Machine Vision and SLAM

Last Updated: 26 Jul 2021

Machine vision refers broadly to any imaging analysis task performed by a computer. Meanwhile, simultaneous localization and mapping (SLAM) is a specific domain focused on obtaining an understanding of the environment and your position within it. These two often go hand in hand (but not always!).

The topic of perception and machine vision can be broken down into a few separate problems.

Odometry – where are you?*
Reconstruction/Mapping – where are things in the world?*
Semantics – what are things in the world?
Prediction – where will things in the world be?

*The coordinate frame is very important! Positions are always defined with respect to something.

Task	Implementation Stategy
Odometry	Can be achieved with a number of things such as GPS, SLAM, internal IMU data, etc.
Reconstruction	Requires some sort of information about the environment. This can be achieved with cameras, LiDAR, radar, etc. There are also varying degrees to which we can process and store our internal model of the environment.
Semantics	Typically achieved through the use of machine learning, and some sort of image classification algorithm.
Prediction	Usually done with machine learning, or some kind of regression model.

Image Projections

Consider a set of points in 3D space, defined by the camera frame. The projection of this point into the image plane can be expressed as:

\[u=f\frac{p_x^w}{p_z^w}\] \[v=f\frac{p_y^w}{p_z^w}\]

Where \(u\), \(v\) are the coordinates of point P expressed in the image plane, and f is the focal length of the camera. Note that \(u\), \(v\) are not pixel coordinates, but image plane coordinates defined from an origin.

An important characteristic of 2D images is the lack information regarding depth. A machine cannot tell if we are looking at a large object very far away or a close object nearby. There are really only two ways around this problem. First, you can take direct measurements of the depth, using something like LiDAR or radar. The other alternative is to collect a second snapshot from a different position, and then triangulate the depth according to how the view is shifted (like what we do with our eyes). However, note that the second method requires accurate knowledge of the two positions from which each snapshot is taken.

Feature Identification

Although modern vision systems may incorporate object identification and tracking, a more rudimentary system may begin by tracking local features. This begs the question, what defines a good feature? Long story short, corners are good features, while edges and surfaces are not.

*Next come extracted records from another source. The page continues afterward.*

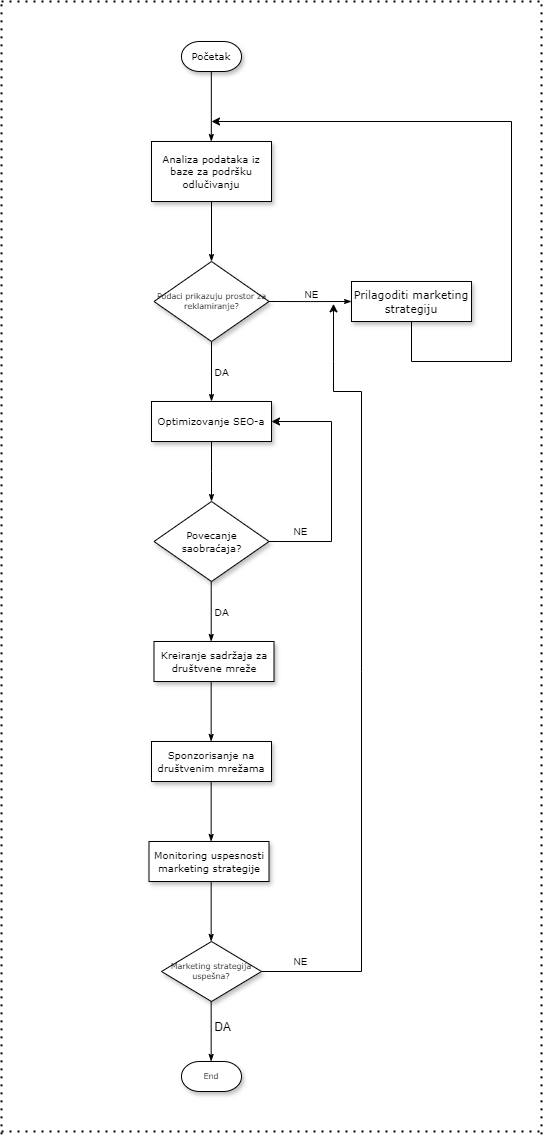

The diagram above was exported from draw.io. Its source (the exported page's mxGraphModel, read from the mxfile embedded in the PNG):
<mxGraphModel dx="1592" dy="1805" grid="1" gridSize="10" guides="1" tooltips="1" connect="1" arrows="1" fold="1" page="1" pageScale="1" pageWidth="1100" pageHeight="850" background="none" math="0" shadow="0">
  <root>
    <mxCell id="0" />
    <mxCell id="1" parent="0" />
    <mxCell id="60e70716793133e9-32" style="edgeStyle=orthogonalEdgeStyle;rounded=0;html=1;labelBackgroundColor=none;startSize=5;endArrow=classicThin;endFill=1;endSize=5;jettySize=auto;orthogonalLoop=1;strokeWidth=1;fontFamily=Verdana;fontSize=8" parent="1" source="60e70716793133e9-4" target="60e70716793133e9-5" edge="1">
      <mxGeometry relative="1" as="geometry" />
    </mxCell>
    <mxCell id="60e70716793133e9-4" value="&lt;font style=&quot;font-size: 10px;&quot;&gt;Analiza podataka iz baze za podršku odlučivanju&lt;/font&gt;" style="rounded=0;whiteSpace=wrap;html=1;shadow=1;labelBackgroundColor=none;strokeWidth=1;fontFamily=Verdana;fontSize=8;align=center;" parent="1" vertex="1">
      <mxGeometry x="190" y="50" width="120" height="60" as="geometry" />
    </mxCell>
    <mxCell id="60e70716793133e9-37" value="&lt;font style=&quot;font-size: 10px;&quot;&gt;DA&lt;/font&gt;" style="edgeStyle=orthogonalEdgeStyle;rounded=0;html=1;labelBackgroundColor=none;startSize=5;endArrow=classicThin;endFill=1;endSize=5;jettySize=auto;orthogonalLoop=1;strokeWidth=1;fontFamily=Verdana;fontSize=8" parent="1" source="60e70716793133e9-5" target="60e70716793133e9-9" edge="1">
      <mxGeometry y="10" relative="1" as="geometry">
        <mxPoint as="offset" />
      </mxGeometry>
    </mxCell>
    <mxCell id="60e70716793133e9-5" value="Podaci prikazuju prostor za reklamiranje?" style="rhombus;whiteSpace=wrap;html=1;rounded=0;shadow=1;labelBackgroundColor=none;strokeWidth=1;fontFamily=Verdana;fontSize=8;align=center;" parent="1" vertex="1">
      <mxGeometry x="192.5" y="170" width="115" height="80" as="geometry" />
    </mxCell>
    <mxCell id="60e70716793133e9-38" style="edgeStyle=orthogonalEdgeStyle;rounded=0;html=1;labelBackgroundColor=none;startSize=5;endArrow=classicThin;endFill=1;endSize=5;jettySize=auto;orthogonalLoop=1;strokeWidth=1;fontFamily=Verdana;fontSize=8" parent="1" source="60e70716793133e9-9" edge="1">
      <mxGeometry relative="1" as="geometry">
        <mxPoint x="250" y="410" as="targetPoint" />
      </mxGeometry>
    </mxCell>
    <mxCell id="60e70716793133e9-9" value="&lt;font style=&quot;font-size: 10px;&quot;&gt;Optimizovanje SEO-a&lt;/font&gt;" style="whiteSpace=wrap;html=1;rounded=0;shadow=1;labelBackgroundColor=none;strokeWidth=1;fontFamily=Verdana;fontSize=8;align=center;" parent="1" vertex="1">
      <mxGeometry x="190" y="310" width="120" height="40" as="geometry" />
    </mxCell>
    <mxCell id="60e70716793133e9-30" value="End" style="strokeWidth=1;html=1;shape=mxgraph.flowchart.terminator;whiteSpace=wrap;rounded=0;shadow=1;labelBackgroundColor=none;fontFamily=Verdana;fontSize=8;align=center;" parent="1" vertex="1">
      <mxGeometry x="220" y="970" width="60" height="30" as="geometry" />
    </mxCell>
    <mxCell id="ZqG_vdSp9LUPYvN4-yUT-1" value="&lt;font style=&quot;font-size: 10px;&quot;&gt;Početak&lt;/font&gt;" style="strokeWidth=1;html=1;shape=mxgraph.flowchart.terminator;whiteSpace=wrap;rounded=0;shadow=1;labelBackgroundColor=none;fontFamily=Verdana;fontSize=8;align=center;" parent="1" vertex="1">
      <mxGeometry x="220" y="-50" width="60" height="30" as="geometry" />
    </mxCell>
    <mxCell id="ZqG_vdSp9LUPYvN4-yUT-2" style="edgeStyle=orthogonalEdgeStyle;rounded=0;html=1;labelBackgroundColor=none;startSize=5;endArrow=classicThin;endFill=1;endSize=5;jettySize=auto;orthogonalLoop=1;strokeWidth=1;fontFamily=Verdana;fontSize=8" parent="1" edge="1">
      <mxGeometry relative="1" as="geometry">
        <mxPoint x="249.82" y="-20" as="sourcePoint" />
        <mxPoint x="249.82" y="50" as="targetPoint" />
      </mxGeometry>
    </mxCell>
    <mxCell id="ZqG_vdSp9LUPYvN4-yUT-5" style="edgeStyle=orthogonalEdgeStyle;rounded=0;html=1;labelBackgroundColor=none;startSize=5;endArrow=classicThin;endFill=1;endSize=5;jettySize=auto;orthogonalLoop=1;strokeWidth=1;fontFamily=Verdana;fontSize=8;exitX=1;exitY=0.5;exitDx=0;exitDy=0;" parent="1" source="60e70716793133e9-5" edge="1">
      <mxGeometry relative="1" as="geometry">
        <mxPoint x="310" y="210" as="sourcePoint" />
        <mxPoint x="390" y="210" as="targetPoint" />
      </mxGeometry>
    </mxCell>
    <mxCell id="ZqG_vdSp9LUPYvN4-yUT-6" value="&lt;font style=&quot;font-size: 10px;&quot;&gt;NE&lt;/font&gt;" style="text;html=1;align=center;verticalAlign=middle;resizable=0;points=[];autosize=1;strokeColor=none;fillColor=none;" parent="1" vertex="1">
      <mxGeometry x="330" y="188" width="40" height="30" as="geometry" />
    </mxCell>
    <mxCell id="ZqG_vdSp9LUPYvN4-yUT-7" value="&lt;font style=&quot;font-size: 11px;&quot;&gt;Prilagoditi marketing strategiju&lt;/font&gt;" style="whiteSpace=wrap;html=1;rounded=0;shadow=1;labelBackgroundColor=none;strokeWidth=1;fontFamily=Verdana;fontSize=8;align=center;" parent="1" vertex="1">
      <mxGeometry x="390" y="190" width="120" height="40" as="geometry" />
    </mxCell>
    <mxCell id="ZqG_vdSp9LUPYvN4-yUT-8" value="" style="endArrow=classic;html=1;rounded=0;exitX=0.5;exitY=1;exitDx=0;exitDy=0;" parent="1" source="ZqG_vdSp9LUPYvN4-yUT-7" edge="1">
      <mxGeometry width="50" height="50" relative="1" as="geometry">
        <mxPoint x="10" y="260" as="sourcePoint" />
        <mxPoint x="250" y="30" as="targetPoint" />
        <Array as="points">
          <mxPoint x="450" y="270" />
          <mxPoint x="550" y="270" />
          <mxPoint x="550" y="30" />
        </Array>
      </mxGeometry>
    </mxCell>
    <mxCell id="ZqG_vdSp9LUPYvN4-yUT-9" value="&lt;font style=&quot;font-size: 10px;&quot;&gt;Povecanje saobraćaja?&lt;/font&gt;" style="rhombus;whiteSpace=wrap;html=1;rounded=0;shadow=1;labelBackgroundColor=none;strokeWidth=1;fontFamily=Verdana;fontSize=8;align=center;" parent="1" vertex="1">
      <mxGeometry x="192.5" y="410" width="115" height="80" as="geometry" />
    </mxCell>
    <mxCell id="ZqG_vdSp9LUPYvN4-yUT-10" value="" style="endArrow=classic;html=1;rounded=0;exitX=1;exitY=0.5;exitDx=0;exitDy=0;entryX=1;entryY=0.5;entryDx=0;entryDy=0;" parent="1" source="ZqG_vdSp9LUPYvN4-yUT-9" target="60e70716793133e9-9" edge="1">
      <mxGeometry width="50" height="50" relative="1" as="geometry">
        <mxPoint x="120" y="380" as="sourcePoint" />
        <mxPoint x="170" y="330" as="targetPoint" />
        <Array as="points">
          <mxPoint x="370" y="450" />
          <mxPoint x="370" y="330" />
        </Array>
      </mxGeometry>
    </mxCell>
    <mxCell id="ZqG_vdSp9LUPYvN4-yUT-11" value="&lt;font style=&quot;font-size: 10px;&quot;&gt;NE&lt;/font&gt;" style="text;html=1;align=center;verticalAlign=middle;resizable=0;points=[];autosize=1;strokeColor=none;fillColor=none;" parent="1" vertex="1">
      <mxGeometry x="319" y="425" width="40" height="30" as="geometry" />
    </mxCell>
    <mxCell id="ZqG_vdSp9LUPYvN4-yUT-12" value="&lt;font style=&quot;font-size: 10px;&quot;&gt;DA&lt;/font&gt;" style="edgeStyle=orthogonalEdgeStyle;rounded=0;html=1;labelBackgroundColor=none;startSize=5;endArrow=classicThin;endFill=1;endSize=5;jettySize=auto;orthogonalLoop=1;strokeWidth=1;fontFamily=Verdana;fontSize=8" parent="1" edge="1">
      <mxGeometry y="10" relative="1" as="geometry">
        <mxPoint as="offset" />
        <mxPoint x="249.71" y="490" as="sourcePoint" />
        <mxPoint x="249.71" y="550" as="targetPoint" />
      </mxGeometry>
    </mxCell>
    <mxCell id="ZqG_vdSp9LUPYvN4-yUT-13" value="&lt;font style=&quot;font-size: 10px;&quot;&gt;Kreiranje sadržaja za društvene mreže&lt;/font&gt;" style="whiteSpace=wrap;html=1;rounded=0;shadow=1;labelBackgroundColor=none;strokeWidth=1;fontFamily=Verdana;fontSize=8;align=center;" parent="1" vertex="1">
      <mxGeometry x="192.5" y="550" width="120" height="40" as="geometry" />
    </mxCell>
    <mxCell id="ZqG_vdSp9LUPYvN4-yUT-14" value="&lt;font style=&quot;font-size: 10px;&quot;&gt;Sponzorisanje na društvenim mrežama&lt;/font&gt;" style="whiteSpace=wrap;html=1;rounded=0;shadow=1;labelBackgroundColor=none;strokeWidth=1;fontFamily=Verdana;fontSize=8;align=center;" parent="1" vertex="1">
      <mxGeometry x="190" y="650" width="120" height="40" as="geometry" />
    </mxCell>
    <mxCell id="ZqG_vdSp9LUPYvN4-yUT-15" value="" style="edgeStyle=orthogonalEdgeStyle;rounded=0;html=1;labelBackgroundColor=none;startSize=5;endArrow=classicThin;endFill=1;endSize=5;jettySize=auto;orthogonalLoop=1;strokeWidth=1;fontFamily=Verdana;fontSize=8" parent="1" edge="1">
      <mxGeometry y="10" relative="1" as="geometry">
        <mxPoint as="offset" />
        <mxPoint x="249.66000000000003" y="590" as="sourcePoint" />
        <mxPoint x="249.66000000000003" y="650" as="targetPoint" />
      </mxGeometry>
    </mxCell>
    <mxCell id="ZqG_vdSp9LUPYvN4-yUT-16" value="" style="edgeStyle=orthogonalEdgeStyle;rounded=0;html=1;labelBackgroundColor=none;startSize=5;endArrow=classicThin;endFill=1;endSize=5;jettySize=auto;orthogonalLoop=1;strokeWidth=1;fontFamily=Verdana;fontSize=8" parent="1" edge="1">
      <mxGeometry y="10" relative="1" as="geometry">
        <mxPoint as="offset" />
        <mxPoint x="249.66000000000003" y="690" as="sourcePoint" />
        <mxPoint x="249.66000000000003" y="750" as="targetPoint" />
      </mxGeometry>
    </mxCell>
    <mxCell id="ZqG_vdSp9LUPYvN4-yUT-17" value="&lt;font style=&quot;font-size: 10px;&quot;&gt;Monitoring uspesnosti marketing strategije&lt;/font&gt;" style="whiteSpace=wrap;html=1;rounded=0;shadow=1;labelBackgroundColor=none;strokeWidth=1;fontFamily=Verdana;fontSize=8;align=center;" parent="1" vertex="1">
      <mxGeometry x="187.5" y="750" width="120" height="40" as="geometry" />
    </mxCell>
    <mxCell id="ZqG_vdSp9LUPYvN4-yUT-18" value="Marketing strategija uspešna?" style="rhombus;whiteSpace=wrap;html=1;rounded=0;shadow=1;labelBackgroundColor=none;strokeWidth=1;fontFamily=Verdana;fontSize=8;align=center;" parent="1" vertex="1">
      <mxGeometry x="200" y="850" width="100" height="60" as="geometry" />
    </mxCell>
    <mxCell id="ZqG_vdSp9LUPYvN4-yUT-19" value="" style="edgeStyle=orthogonalEdgeStyle;rounded=0;html=1;labelBackgroundColor=none;startSize=5;endArrow=classicThin;endFill=1;endSize=5;jettySize=auto;orthogonalLoop=1;strokeWidth=1;fontFamily=Verdana;fontSize=8" parent="1" edge="1">
      <mxGeometry y="10" relative="1" as="geometry">
        <mxPoint as="offset" />
        <mxPoint x="249.66000000000003" y="790" as="sourcePoint" />
        <mxPoint x="249.66000000000003" y="850" as="targetPoint" />
      </mxGeometry>
    </mxCell>
    <mxCell id="ZqG_vdSp9LUPYvN4-yUT-20" value="" style="edgeStyle=orthogonalEdgeStyle;rounded=0;html=1;labelBackgroundColor=none;startSize=5;endArrow=classicThin;endFill=1;endSize=5;jettySize=auto;orthogonalLoop=1;strokeWidth=1;fontFamily=Verdana;fontSize=8" parent="1" edge="1">
      <mxGeometry y="10" relative="1" as="geometry">
        <mxPoint as="offset" />
        <mxPoint x="249.66000000000003" y="910" as="sourcePoint" />
        <mxPoint x="249.66000000000003" y="970" as="targetPoint" />
      </mxGeometry>
    </mxCell>
    <mxCell id="ZqG_vdSp9LUPYvN4-yUT-21" value="DA" style="text;html=1;align=center;verticalAlign=middle;resizable=0;points=[];autosize=1;strokeColor=none;fillColor=none;" parent="1" vertex="1">
      <mxGeometry x="241" y="921" width="40" height="30" as="geometry" />
    </mxCell>
    <mxCell id="ZqG_vdSp9LUPYvN4-yUT-22" value="" style="endArrow=classic;html=1;rounded=0;exitX=1;exitY=0.5;exitDx=0;exitDy=0;entryX=1.05;entryY=0.811;entryDx=0;entryDy=0;entryPerimeter=0;" parent="1" source="ZqG_vdSp9LUPYvN4-yUT-18" target="ZqG_vdSp9LUPYvN4-yUT-6" edge="1">
      <mxGeometry width="50" height="50" relative="1" as="geometry">
        <mxPoint x="-180" y="680" as="sourcePoint" />
        <mxPoint x="450" y="300" as="targetPoint" />
        <Array as="points">
          <mxPoint x="400" y="880" />
          <mxPoint x="400" y="580" />
          <mxPoint x="400" y="300" />
          <mxPoint x="372" y="300" />
          <mxPoint x="372" y="270" />
        </Array>
      </mxGeometry>
    </mxCell>
    <mxCell id="ZqG_vdSp9LUPYvN4-yUT-23" value="&lt;font style=&quot;font-size: 10px;&quot;&gt;NE&lt;/font&gt;" style="text;html=1;align=center;verticalAlign=middle;resizable=0;points=[];autosize=1;strokeColor=none;fillColor=none;" parent="1" vertex="1">
      <mxGeometry x="319" y="855" width="40" height="30" as="geometry" />
    </mxCell>
    <mxCell id="ZqG_vdSp9LUPYvN4-yUT-24" value="" style="endArrow=none;dashed=1;html=1;dashPattern=1 3;strokeWidth=2;rounded=0;" parent="1" edge="1">
      <mxGeometry width="50" height="50" relative="1" as="geometry">
        <mxPoint x="40" y="1042.857142857143" as="sourcePoint" />
        <mxPoint x="40" y="-90" as="targetPoint" />
      </mxGeometry>
    </mxCell>
    <mxCell id="ZqG_vdSp9LUPYvN4-yUT-25" value="" style="endArrow=none;dashed=1;html=1;dashPattern=1 3;strokeWidth=2;rounded=0;" parent="1" edge="1">
      <mxGeometry width="50" height="50" relative="1" as="geometry">
        <mxPoint x="580" y="1042.857142857143" as="sourcePoint" />
        <mxPoint x="580" y="-90" as="targetPoint" />
      </mxGeometry>
    </mxCell>
    <mxCell id="ZqG_vdSp9LUPYvN4-yUT-26" value="" style="endArrow=none;dashed=1;html=1;dashPattern=1 3;strokeWidth=2;rounded=0;" parent="1" edge="1">
      <mxGeometry width="50" height="50" relative="1" as="geometry">
        <mxPoint x="40" y="1040" as="sourcePoint" />
        <mxPoint x="580" y="1040" as="targetPoint" />
      </mxGeometry>
    </mxCell>
    <mxCell id="ZqG_vdSp9LUPYvN4-yUT-27" value="" style="endArrow=none;dashed=1;html=1;dashPattern=1 3;strokeWidth=2;rounded=0;" parent="1" edge="1">
      <mxGeometry width="50" height="50" relative="1" as="geometry">
        <mxPoint x="40" y="-90" as="sourcePoint" />
        <mxPoint x="580" y="-90" as="targetPoint" />
      </mxGeometry>
    </mxCell>
  </root>
</mxGraphModel>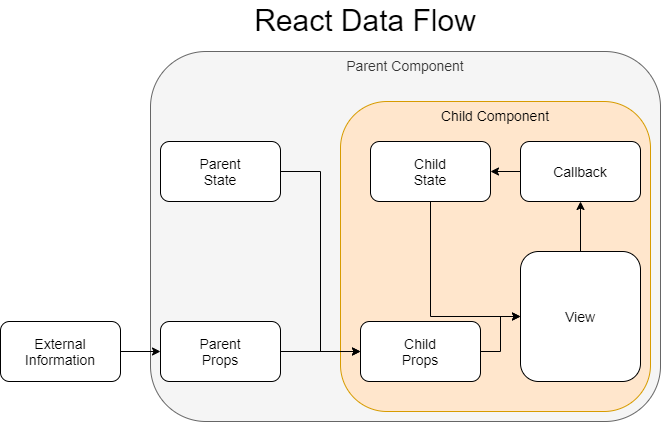

The diagram above was exported from draw.io. Its source (the exported page's mxGraphModel, read from the mxfile embedded in the PNG):
<mxGraphModel dx="1086" dy="966" grid="1" gridSize="10" guides="1" tooltips="1" connect="1" arrows="1" fold="1" page="1" pageScale="1" pageWidth="850" pageHeight="1100" math="0" shadow="0">
  <root>
    <mxCell id="0" />
    <mxCell id="1" parent="0" />
    <mxCell id="2" value="Parent Component" style="rounded=1;whiteSpace=wrap;html=1;fontSize=14;verticalAlign=top;fillColor=#f5f5f5;strokeColor=#666666;fontColor=#333333;" vertex="1" parent="1">
      <mxGeometry x="980" y="90" width="510" height="370" as="geometry" />
    </mxCell>
    <mxCell id="3" value="Child Component" style="rounded=1;whiteSpace=wrap;html=1;fontSize=14;verticalAlign=top;fillColor=#ffe6cc;strokeColor=#d79b00;" vertex="1" parent="1">
      <mxGeometry x="1170" y="140" width="310" height="310" as="geometry" />
    </mxCell>
    <mxCell id="4" style="edgeStyle=orthogonalEdgeStyle;rounded=0;orthogonalLoop=1;jettySize=auto;html=1;fontSize=14;entryX=0;entryY=0.5;entryDx=0;entryDy=0;" edge="1" source="5" target="14" parent="1">
      <mxGeometry relative="1" as="geometry" />
    </mxCell>
    <mxCell id="5" value="Parent&lt;br&gt;Props" style="rounded=1;whiteSpace=wrap;html=1;fontSize=14;" vertex="1" parent="1">
      <mxGeometry x="990" y="360" width="120" height="60" as="geometry" />
    </mxCell>
    <mxCell id="6" style="edgeStyle=orthogonalEdgeStyle;rounded=0;orthogonalLoop=1;jettySize=auto;html=1;exitX=0.5;exitY=1;exitDx=0;exitDy=0;entryX=0;entryY=0.5;entryDx=0;entryDy=0;fontSize=14;" edge="1" source="7" target="9" parent="1">
      <mxGeometry relative="1" as="geometry" />
    </mxCell>
    <mxCell id="7" value="Child&lt;br&gt;State" style="rounded=1;whiteSpace=wrap;html=1;fontSize=14;" vertex="1" parent="1">
      <mxGeometry x="1200" y="180" width="120" height="60" as="geometry" />
    </mxCell>
    <mxCell id="8" style="edgeStyle=orthogonalEdgeStyle;rounded=0;orthogonalLoop=1;jettySize=auto;html=1;entryX=0.5;entryY=1;entryDx=0;entryDy=0;fontSize=14;exitX=0.5;exitY=0;exitDx=0;exitDy=0;" edge="1" source="9" target="11" parent="1">
      <mxGeometry relative="1" as="geometry" />
    </mxCell>
    <mxCell id="9" value="View" style="rounded=1;whiteSpace=wrap;html=1;fontSize=14;" vertex="1" parent="1">
      <mxGeometry x="1350" y="290" width="120" height="130" as="geometry" />
    </mxCell>
    <mxCell id="10" style="edgeStyle=orthogonalEdgeStyle;rounded=0;orthogonalLoop=1;jettySize=auto;html=1;entryX=1;entryY=0.5;entryDx=0;entryDy=0;fontSize=14;exitX=0;exitY=0.5;exitDx=0;exitDy=0;" edge="1" source="11" target="7" parent="1">
      <mxGeometry relative="1" as="geometry" />
    </mxCell>
    <mxCell id="11" value="Callback" style="rounded=1;whiteSpace=wrap;html=1;fontSize=14;" vertex="1" parent="1">
      <mxGeometry x="1350" y="180" width="120" height="60" as="geometry" />
    </mxCell>
    <mxCell id="12" value="React Data Flow" style="text;html=1;strokeColor=none;fillColor=none;align=center;verticalAlign=middle;whiteSpace=wrap;rounded=0;fontSize=30;" vertex="1" parent="1">
      <mxGeometry x="980" y="39" width="430" height="40" as="geometry" />
    </mxCell>
    <mxCell id="13" style="edgeStyle=orthogonalEdgeStyle;rounded=0;orthogonalLoop=1;jettySize=auto;html=1;exitX=1;exitY=0.5;exitDx=0;exitDy=0;fontSize=14;" edge="1" source="14" target="9" parent="1">
      <mxGeometry relative="1" as="geometry" />
    </mxCell>
    <mxCell id="14" value="Child&lt;br&gt;Props" style="rounded=1;whiteSpace=wrap;html=1;fontSize=14;" vertex="1" parent="1">
      <mxGeometry x="1190" y="360" width="120" height="60" as="geometry" />
    </mxCell>
    <mxCell id="15" style="edgeStyle=orthogonalEdgeStyle;rounded=0;orthogonalLoop=1;jettySize=auto;html=1;entryX=0;entryY=0.5;entryDx=0;entryDy=0;fontSize=14;" edge="1" source="16" target="14" parent="1">
      <mxGeometry relative="1" as="geometry" />
    </mxCell>
    <mxCell id="16" value="Parent&lt;br&gt;State" style="rounded=1;whiteSpace=wrap;html=1;fontSize=14;" vertex="1" parent="1">
      <mxGeometry x="990" y="180" width="120" height="60" as="geometry" />
    </mxCell>
    <mxCell id="17" style="edgeStyle=orthogonalEdgeStyle;rounded=0;orthogonalLoop=1;jettySize=auto;html=1;entryX=0;entryY=0.5;entryDx=0;entryDy=0;fontSize=14;" edge="1" source="18" target="5" parent="1">
      <mxGeometry relative="1" as="geometry" />
    </mxCell>
    <mxCell id="18" value="External Information" style="rounded=1;whiteSpace=wrap;html=1;fontSize=14;" vertex="1" parent="1">
      <mxGeometry x="830" y="360" width="120" height="60" as="geometry" />
    </mxCell>
  </root>
</mxGraphModel>

Consider a rectangular window centered around some pixel \(\widetilde{x}\). This is a “good” feature if shifting the window in any direction produces a new window that is different from the original. Mathematically, let us define:

\[G=\sum_{W\left(x\right)}^{\ }{\nabla I\left(\widetilde{x}\right)\nabla I\left(\widetilde{x}\right)^\top}\]

Where \(\nabla I\left(\widetilde{x}\right)\) is the gradient of the image. Two common ways of scoring the corner is with either the Harris score, or the Shi-Tomasi score. These are, respectively:

\[C\left(G\right)=det\left(G\right)-ktr\left(G\right)^2\] \[S\left(G\right)=\lambda_{min}\left(G\right)\]

Where \(\lambda_{min}\) is a function that returns the smallest eigenvalue of the matrix.

Outliers

When we use a quadratic loss function, the weights of outliers are exaggerated. Thus instead of fitting the correct data, we end up fitting to the incorrect ones. This is not an easy problem to overcome, because we do not know ahead of time which data points are the wrong ones, but a few outlier robust methods do exist.

Random Consensus Sampling (RANSAC)

From consecutive image frames, one can perform feature matching, and calculate the change in camera position between frames. However, given a set of matched features (typically called correspondences), there are bound to be a few mis-identified matches. RANSAC provides a method for dealing with these outliers.

The basic idea is pretty simple. From the entire complete set of “matches”, we take a random set, and calculate the resulting change in position. We then repeat with another random set, and another, and check to see if there is agreement.

Image Segmentation

Broadly, image segmentation is pixel classification. The ultimate goal is to find meaningful groupings. Note that this can be done independently, in combination with, or as step in object classification, which involves finding labels. Traditional image segmentation methods are also not necessarily feature tracking methods or SLAM methods. Here are a few, ordered approximately by increasing complexity:

Hard-coded thresholds
Hard-coded kernels, like a sobel filter (which is basically an edge detector)
Watershed algorithms
Otsu-multi-level thresholding, a.k.a. K-means clustering
Convolutional neural networks (e.g. YOLO)

Simultaneous Localization and Mapping (SLAM)

SLAM is a process which covers the first two goals in computer vision - odometry and mapping. SLAM then can be further subdivided into two components, a front end which identifies features in the environment, and a back-end which builds an internal map of those features.

Misc Definitions

Term	Definition
Isomorphism	a form of transformation that preserves structure.
Homography	an isomorphism between projected images.